【ソウル聯合ニュース】韓国の朴振(パク・ジン)外交部長官が18日、韓日外相会談のため日本へ出発した。出国前に「日本で林芳正外相と会談し、両国間の懸案と相互の関心事に対し踏み込んで議論する」と記者団に述べた後、「軍事情報包括保護協定(GSOMIA)を含め、さまざまな懸案について総合的に話し合う予定だ」と補足した。

 韓国の尹錫悦(ユン・ソクヨル)政権発足後、韓日外相会談の開催は初めて。朴氏のGSOMIAへの言及は、この問題と日本の対韓輸出規制問題を同時に解決したい考えを示したものといえる。

 韓日間のGSOMIAは韓米日3カ国の安全保障協力の実質的な土台の一つだが、韓国は日本の対韓輸出規制に対抗し2019年8月に日本側にGSOMIAの破棄を通告した。米国の要求などを受けて同年11月に通告の効力を停止させたものの、GSOMIAが完全な状態で運用されているとは言い難いとの声も上がっている。

 日本による輸出規制措置は韓国大法院(最高裁)が18年に日本企業に対し強制徴用被害者への賠償を命じた判決が引き金となっただけに、まずは同判決を巡る韓日間の溝を埋める必要がある。朴氏はこの問題に関し「韓国で官民協議体が話し合いを進めている。この状況を説明した上で問題が望ましい形で解決するよう努力する考えだ」と説明した。

 朴氏はこの日、先月29日に運航が再開された金浦(ソウル)―羽田(東京)線を利用して出発した。同路線の運航再開を機にした人的な交流の活性化に期待を寄せるとともに「交流の活性化には無査証(ノービザ)入国の措置も必要になると思う。両国がこうした措置を取ることができるよう話し合う予定だ」と述べた。

 18日午後の韓日首脳会談では、朝鮮半島の平和と安定を目指して両国が共同で北朝鮮の核とミサイル脅威に対応する方策も議論すると説明した。尹大統領から託されたメッセージがあるか問われると「尹大統領が韓日関係の改善に強い意志を持っているという内容を伝達する」と答えた。

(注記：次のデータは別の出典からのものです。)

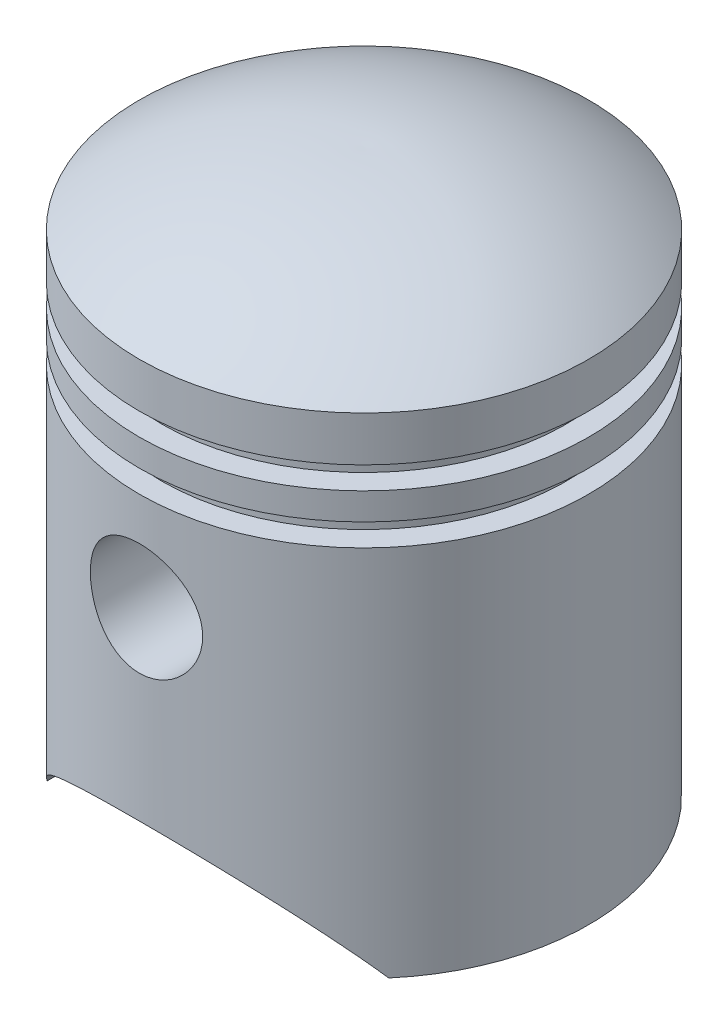
from build123d import *

# Parameters (mm, degrees)
CUT_EXTRUDE1_DEPTH       = 72.817566835
CUT_EXTRUDE1_DEPTH_BACK  = 72.817566835
SKETCH3_R                = 6.25
BOSS_EXTRUDE1_REACH      = 85.818
BOSS_EXTRUDE1_END_RADIUS = 23
BOSS_EXTRUDE1_START      = 12
SKETCH4_R                = 7.25
SKETCH4_R_2              = 6.25


with BuildPart() as part:
    # Sketch1 → Revolve1 (revolve)
    with BuildSketch(Plane.XY, mode=Mode.PRIVATE) as revolve1_sk:
        with BuildLine():
            Line((25, 0), (25, 41.5))
            Line((25, 41.5), (22.5, 41.5))
            Line((22.5, 41.5), (22.5, 44))
            Line((22.5, 44), (25, 44))
            Line((25, 44), (25, 47))
            Line((25, 47), (22.5, 47))
            Line((22.5, 47), (22.5, 49.5))
            Line((22.5, 49.5), (25, 49.5))
            Line((25, 49.5), (25, 54.5))
            ThreePointArc((25, 54.5), (13.174901691, 60.609067785), (0, 62.5))
            Line((0, 62.5), (0, 60.49936285))
            ThreePointArc((0, 60.49936285), (12.069492637, 58.859165445), (23, 53.484511145))
            Line((23, 53.484511145), (23, 51.5))
            Line((23, 51.5), (20.5, 51.5))
            Line((20.5, 51.5), (20.5, 45.5))
            Line((20.5, 45.5), (20.5, 39.5))
            Line((20.5, 39.5), (23, 39.5))
            Line((23, 39.5), (23, 0))
            Line((23, 0), (25, 0))
        make_face()
    revolve(revolve1_sk.sketch.rotate(Axis((0, 62.5, 0), (0, -1, 0)), 90), axis=Axis((0, 62.5, 0), (0, -1, 0)))

    # Sketch3 → Cut-Extrude1 (cut, two sides: drawn at the far end of the back side and taken through both)
    with BuildSketch(Plane.XY.offset(-CUT_EXTRUDE1_DEPTH_BACK)):
        with Locations((0, 30.5)):
            Circle(SKETCH3_R)
        with BuildLine():
            Line((-19, 0), (19, 0))
            ThreePointArc((19, 0), (0, 10), (-19, 0))
        make_face()
    extrude(amount=CUT_EXTRUDE1_DEPTH + CUT_EXTRUDE1_DEPTH_BACK, mode=Mode.SUBTRACT)

    # Boss-Extrude1: up to this cylinder (the profile starts inside it)
    boss_extrude1_end = Plane(origin=(0, 23.455061, 0), z_dir=(0, 1, 0)) * Cylinder(BOSS_EXTRUDE1_END_RADIUS, 218.636, mode=Mode.PRIVATE)
    # Sketch4 → Boss-Extrude1 (add, up to the surface)
    with BuildSketch(Plane.XY.offset(BOSS_EXTRUDE1_START), mode=Mode.PRIVATE) as boss_extrude1_sk1:
        with Locations(Location((0, 30.5, 0), (0, 0, 90))):
            Circle(SKETCH4_R)
        with Locations((0, 30.5)):
            Circle(SKETCH4_R_2, mode=Mode.SUBTRACT)
    boss_extrude1_tool1 = extrude(boss_extrude1_sk1.sketch, amount=BOSS_EXTRUDE1_REACH, mode=Mode.PRIVATE) & boss_extrude1_end
    boss_extrude1 = boss_extrude1_tool1.solids().sort_by_distance((0, 23.455061, 12))[0]
    add(boss_extrude1)

    # Mirror1: Boss-Extrude1 across plane
    add(boss_extrude1.mirror(Plane.XY))


solid = part.part
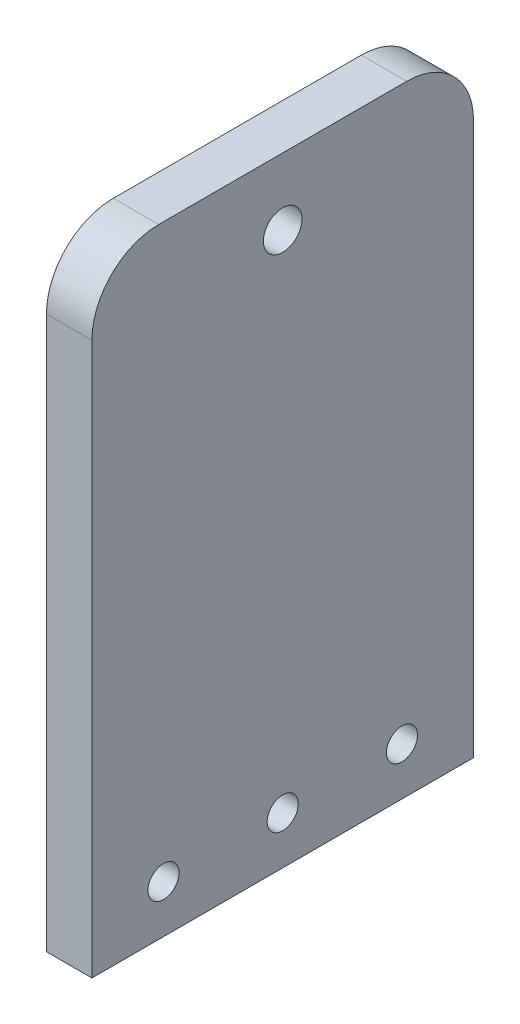
from build123d import *

# Parameters (mm, degrees)
BOSS_EXTRUDE1_DEPTH   = 4.7625
F_4_CLEARANCE_HOLE1_D = 3.2639
SKETCH10_R            = 2.025
CUT_EXTRUDE1_DEPTH    = 10


with BuildPart() as part:
    # Sketch1 → Boss-Extrude1 (new body)
    with BuildSketch(Plane(origin=(0, 0, 0), x_dir=(0, 0, -1), z_dir=(1, 0, 0))):
        with BuildLine():
            Line((0, 57.9), (0, 0))
            Line((0, 0), (40, 0))
            Line((40, 0), (40, 57.9))
            ThreePointArc((40, 57.9), (37.949747468, 62.849747468), (33, 64.9))
            Line((33, 64.9), (7, 64.9))
            ThreePointArc((7, 64.9), (2.050252532, 62.849747468), (0, 57.9))
        make_face()
    extrude(amount=BOSS_EXTRUDE1_DEPTH)

    # #4 Clearance Hole1 (through all)
    with Locations(Plane(origin=(4.7625, 0, 0), x_dir=(0, 0, -1), z_dir=(1, 0, 0))):
        with Locations((7.5, 5), (20, 5), (32.5, 5)):
            Hole(F_4_CLEARANCE_HOLE1_D / 2)

    # Sketch10 → Cut-Extrude1 (cut)
    with BuildSketch(Plane(origin=(4.7625, 0, 0), x_dir=(0, 0, -1), z_dir=(1, 0, 0))):
        with Locations((20, 57.9)):
            Circle(SKETCH10_R)
    extrude(amount=-CUT_EXTRUDE1_DEPTH, mode=Mode.SUBTRACT)


solid = part.part
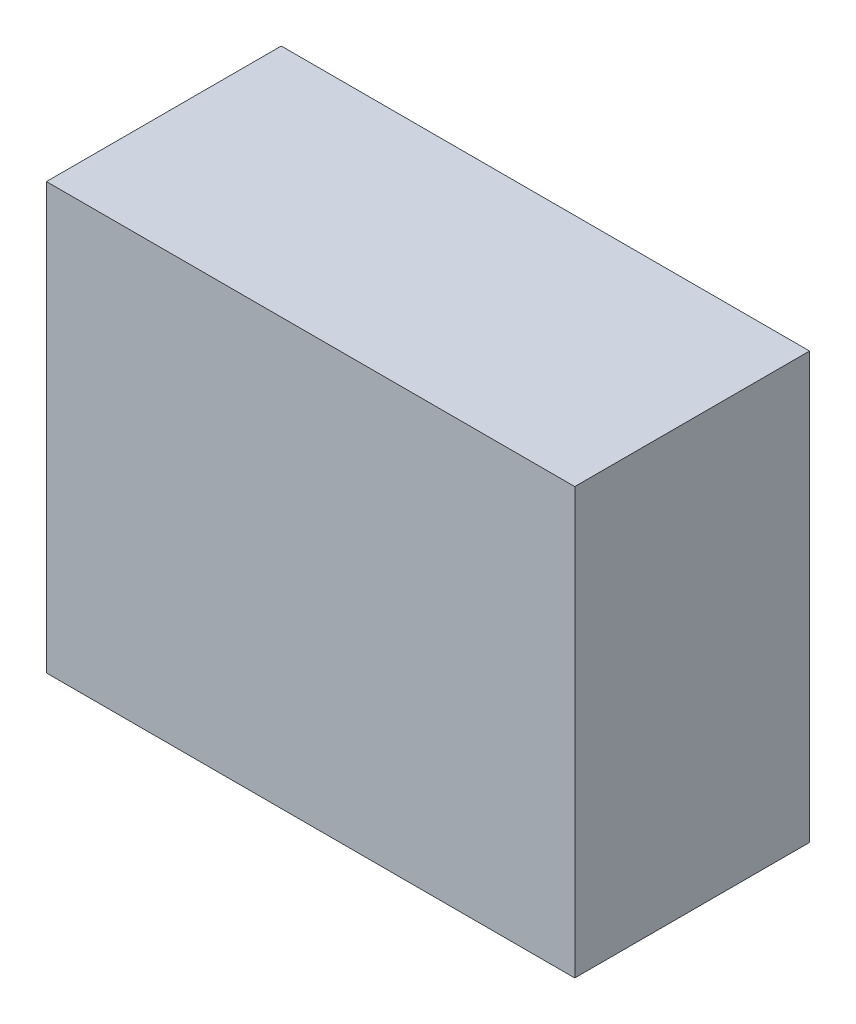
from build123d import *

# Parameters (mm, degrees)
SKETCH1_W           = 457.2
SKETCH1_H           = 368.3
BOSS_EXTRUDE1_DEPTH = 203.2


with BuildPart() as part:
    # Sketch1 → Boss-Extrude1 (new body)
    with BuildSketch(Plane.XY):
        with Locations((-634.571326192, -125.580519006)):
            Rectangle(SKETCH1_W, SKETCH1_H)
    extrude(amount=BOSS_EXTRUDE1_DEPTH)


solid = part.part
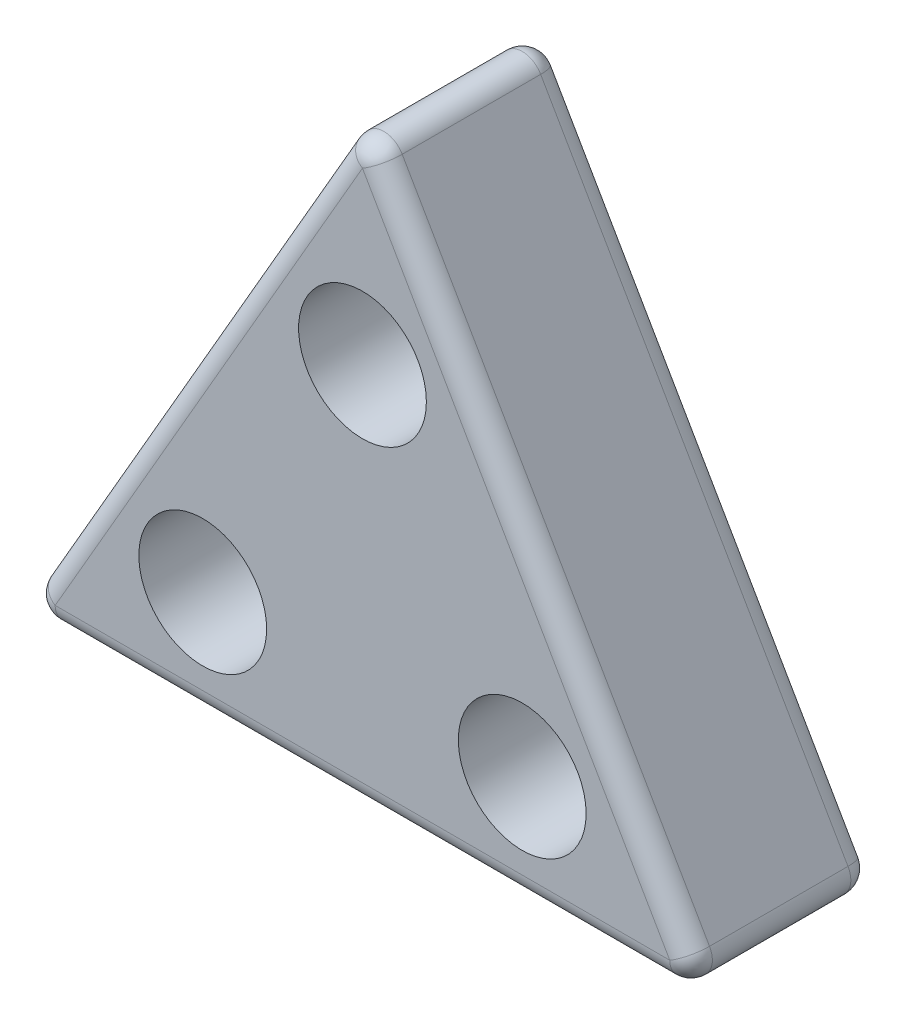
from build123d import *

# Parameters (mm, degrees)
ESQUISSE1_R        = 3
BOSS_EXTRU_1_DEPTH = 8.5
CONG_1_R           = 1


with BuildPart() as part:
    # Esquisse1 → Boss.-Extru.1 (new body)
    with BuildSketch(Plane.XY):
        with BuildLine():
            Line((0.866025404, 21.490381057), (15.294228634, -3.5))
            ThreePointArc((15.294228634, -3.5), (15.294228634, -4.5), (14.42820323, -5))
            Line((14.42820323, -5), (-14.42820323, -5))
            ThreePointArc((-14.42820323, -5), (-15.294228634, -4.5), (-15.294228634, -3.5))
            Line((-15.294228634, -3.5), (-0.866025404, 21.490381057))
            ThreePointArc((-0.866025404, 21.490381057), (0, 21.990381057), (0.866025404, 21.490381057))
        make_face()
        with Locations((-7.5, 0)):
            Circle(ESQUISSE1_R, mode=Mode.SUBTRACT)
        with Locations((7.5, 0)):
            Circle(ESQUISSE1_R, mode=Mode.SUBTRACT)
        with Locations((0, 12.990381057)):
            Circle(ESQUISSE1_R, mode=Mode.SUBTRACT)
    extrude(amount=BOSS_EXTRU_1_DEPTH)

    # Congé1
    cong_1_edges = [part.edges().sort_by_distance(p)[0] for p in [
        (-15.294228634, -4.5, 8.5),
        (0, -5, 8.5),
        (15.294228634, -4.5, 8.5),
        (8.080127019, 8.995190528, 8.5),
        (0, 21.990381057, 8.5),
        (8.080127019, 8.995190528, 0),
        (15.294228634, -4.5, 0),
        (0, -5, 0),
        (-15.294228634, -4.5, 0),
        (-8.080127019, 8.995190528, 0),
        (0, 21.990381057, 0),
        (-8.080127019, 8.995190528, 8.5),
    ]]
    fillet(cong_1_edges, radius=CONG_1_R)


solid = part.part
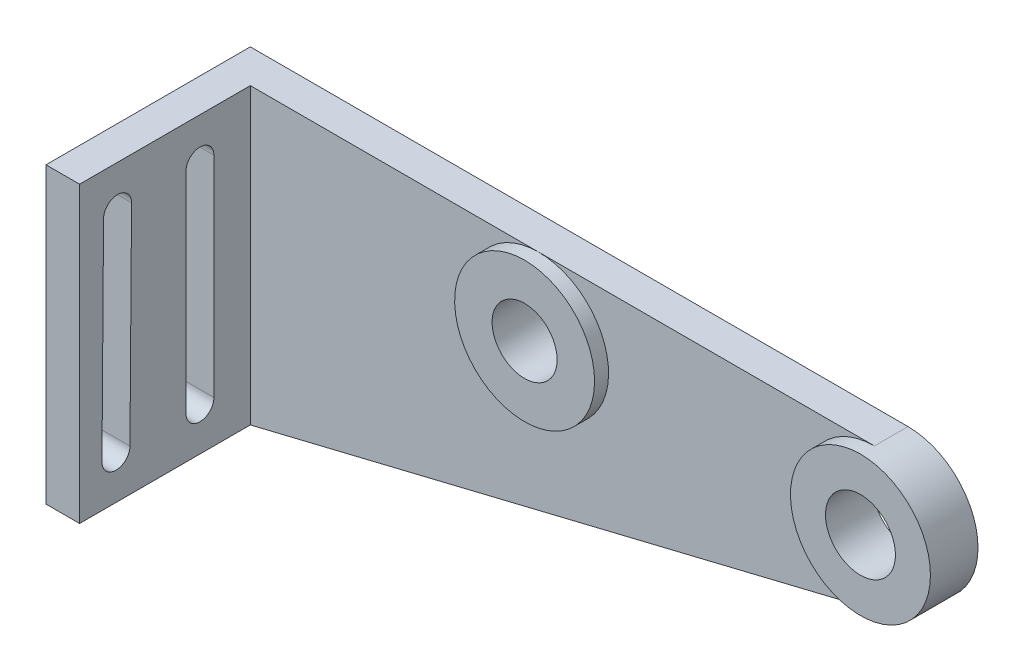
from build123d import *

# Parameters (mm, degrees)
SKETCH1_R            = 25
SKETCH1_R_2          = 11.619106241
SKETCH1_R_3          = 12.5
BOSS_EXTRUDE41_DEPTH = 12
SKETCH1_11_W         = 12
SKETCH1_11_H         = 105
BOSS_EXTRUDE42_DEPTH = 73
BOSS_EXTRUDE43_START = 12
SKETCH1_12_R         = 25
SKETCH1_12_R_2       = 11.619106241
SKETCH1_12_R_3       = 12.5
BOSS_EXTRUDE43_DEPTH = 5
CUT_EXTRUDE1_DEPTH   = 280.030464287


with BuildPart() as part:
    # Sketch1 → Boss-Extrude41 (new body)
    # profile 1 of 3: a face of its own
    with BuildSketch(Plane.XY):
        with BuildLine():
            Line((115, 0), (12, 0))
            Line((12, 0), (12, -105))
            Line((12, -105), (240.911574023, -49.291012588))
            ThreePointArc((240.911574023, -49.291012588), (210.177879676, -27.976968701), (235, 0))
            Line((235, 0), (115, 0))
        make_face()
        with BuildLine():
            ThreePointArc((140, -25), (97.32233047, -42.67766953), (115, 0))
            ThreePointArc((115, 0), (132.67766953, -7.32233047), (140, -25))
        make_face(mode=Mode.SUBTRACT)
    # profile 2 of 3: a face of its own
    with BuildSketch(Plane.XY):
        with Locations((115, -25)):
            Circle(SKETCH1_R)
        with Locations((115, -25)):
            Circle(SKETCH1_R_2, mode=Mode.SUBTRACT)
    # profile 3 of 3: a face of its own
    with BuildSketch(Plane.XY):
        with Locations((235, -25)):
            Circle(SKETCH1_R)
        with Locations((235, -25)):
            Circle(SKETCH1_R_3, mode=Mode.SUBTRACT)
    extrude(amount=BOSS_EXTRUDE41_DEPTH)

    # Sketch1<11> → Boss-Extrude42 (add)
    with BuildSketch(Plane.XY):
        with Locations((6, -52.5)):
            Rectangle(SKETCH1_11_W, SKETCH1_11_H)
    extrude(amount=BOSS_EXTRUDE42_DEPTH)

    # Sketch1<12> → Boss-Extrude43 (add)
    # profile 1 of 2: a face of its own
    with BuildSketch(Plane.XY.offset(BOSS_EXTRUDE43_START)):
        with Locations(Location((115, -25, 0), (0, 0, 90))):
            Circle(SKETCH1_12_R)
        with Locations((115, -25)):
            Circle(SKETCH1_12_R_2, mode=Mode.SUBTRACT)
    # profile 2 of 2: a face of its own
    with BuildSketch(Plane.XY.offset(BOSS_EXTRUDE43_START)):
        with Locations(Location((235, -25, 0), (0, 0, 90))):
            Circle(SKETCH1_12_R)
        with Locations((235, -25)):
            Circle(SKETCH1_12_R_3, mode=Mode.SUBTRACT)
    extrude(amount=BOSS_EXTRUDE43_DEPTH)

    # Sketch2 → Cut-Extrude1 (cut, through all)
    with BuildSketch(Plane(origin=(12, 0, 0), x_dir=(0, 0, -1), z_dir=(1, 0, 0))):
        with BuildLine():
            Line((-54.435034179, -15.03767278), (-55.000141926, -90.03767278))
            ThreePointArc((-55.000141926, -90.03767278), (-60.03767278, -94.999858074), (-64.999858074, -89.96232722))
            Line((-64.999858074, -89.96232722), (-64.434750327, -14.96232722))
            ThreePointArc((-64.434750327, -14.96232722), (-59.397219473, -10.000141926), (-54.435034179, -15.03767278))
        make_face()
        with BuildLine():
            Line((-25, -15), (-25, -90))
            ThreePointArc((-25, -90), (-30, -95), (-35, -90))
            Line((-35, -90), (-35, -15))
            ThreePointArc((-35, -15), (-30, -10), (-25, -15))
        make_face()
    extrude(amount=-CUT_EXTRUDE1_DEPTH, mode=Mode.SUBTRACT)


solid = part.part
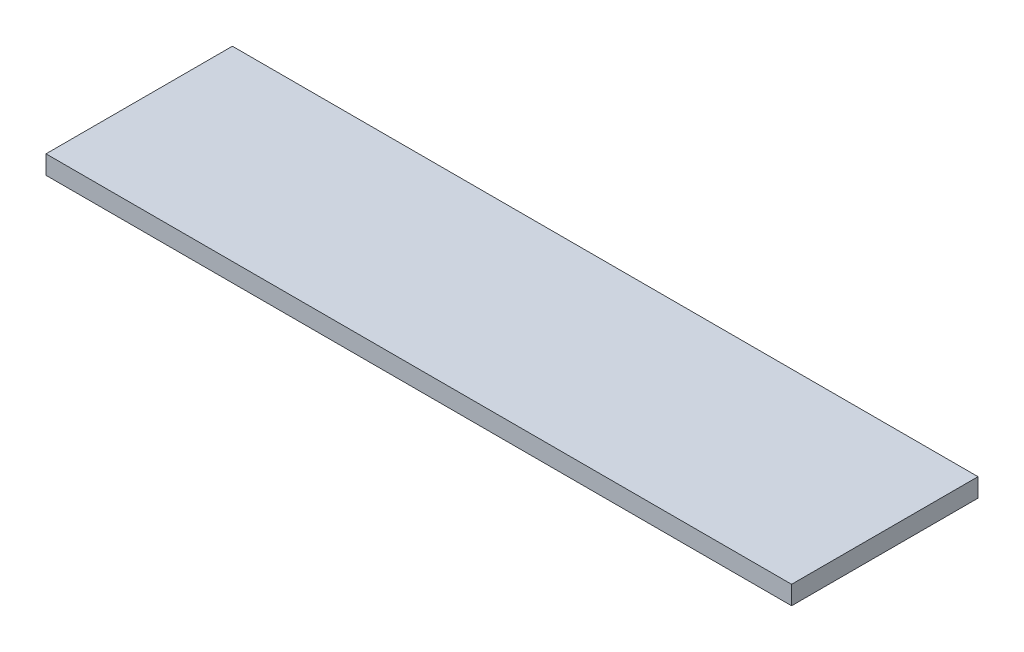
from build123d import *

# Parameters (mm, degrees)
SKETCH1_W           = 120
SKETCH1_H           = 30
BOSS_EXTRUDE1_DEPTH = 3


with BuildPart() as part:
    # Sketch1 → Boss-Extrude1 (new body)
    with BuildSketch(Plane(origin=(0, 0, 0), x_dir=(1, 0, 0), z_dir=(0, 1, 0))):
        Rectangle(SKETCH1_W, SKETCH1_H)
    extrude(amount=BOSS_EXTRUDE1_DEPTH)


solid = part.part

 朴氏は岸田文雄首相との面会を希望している。安倍晋三元首相への弔意を表し、日本の国民にも深い哀悼の意を伝えたい考えだ。 

 外相会談で韓日首脳会談開催が調整されるかとの質問には「(韓日間にある複数の)問題に解決の糸口が見つかれば自然に、首脳会談が適切な時期に開催されるとみている」と慎重な姿勢を示した。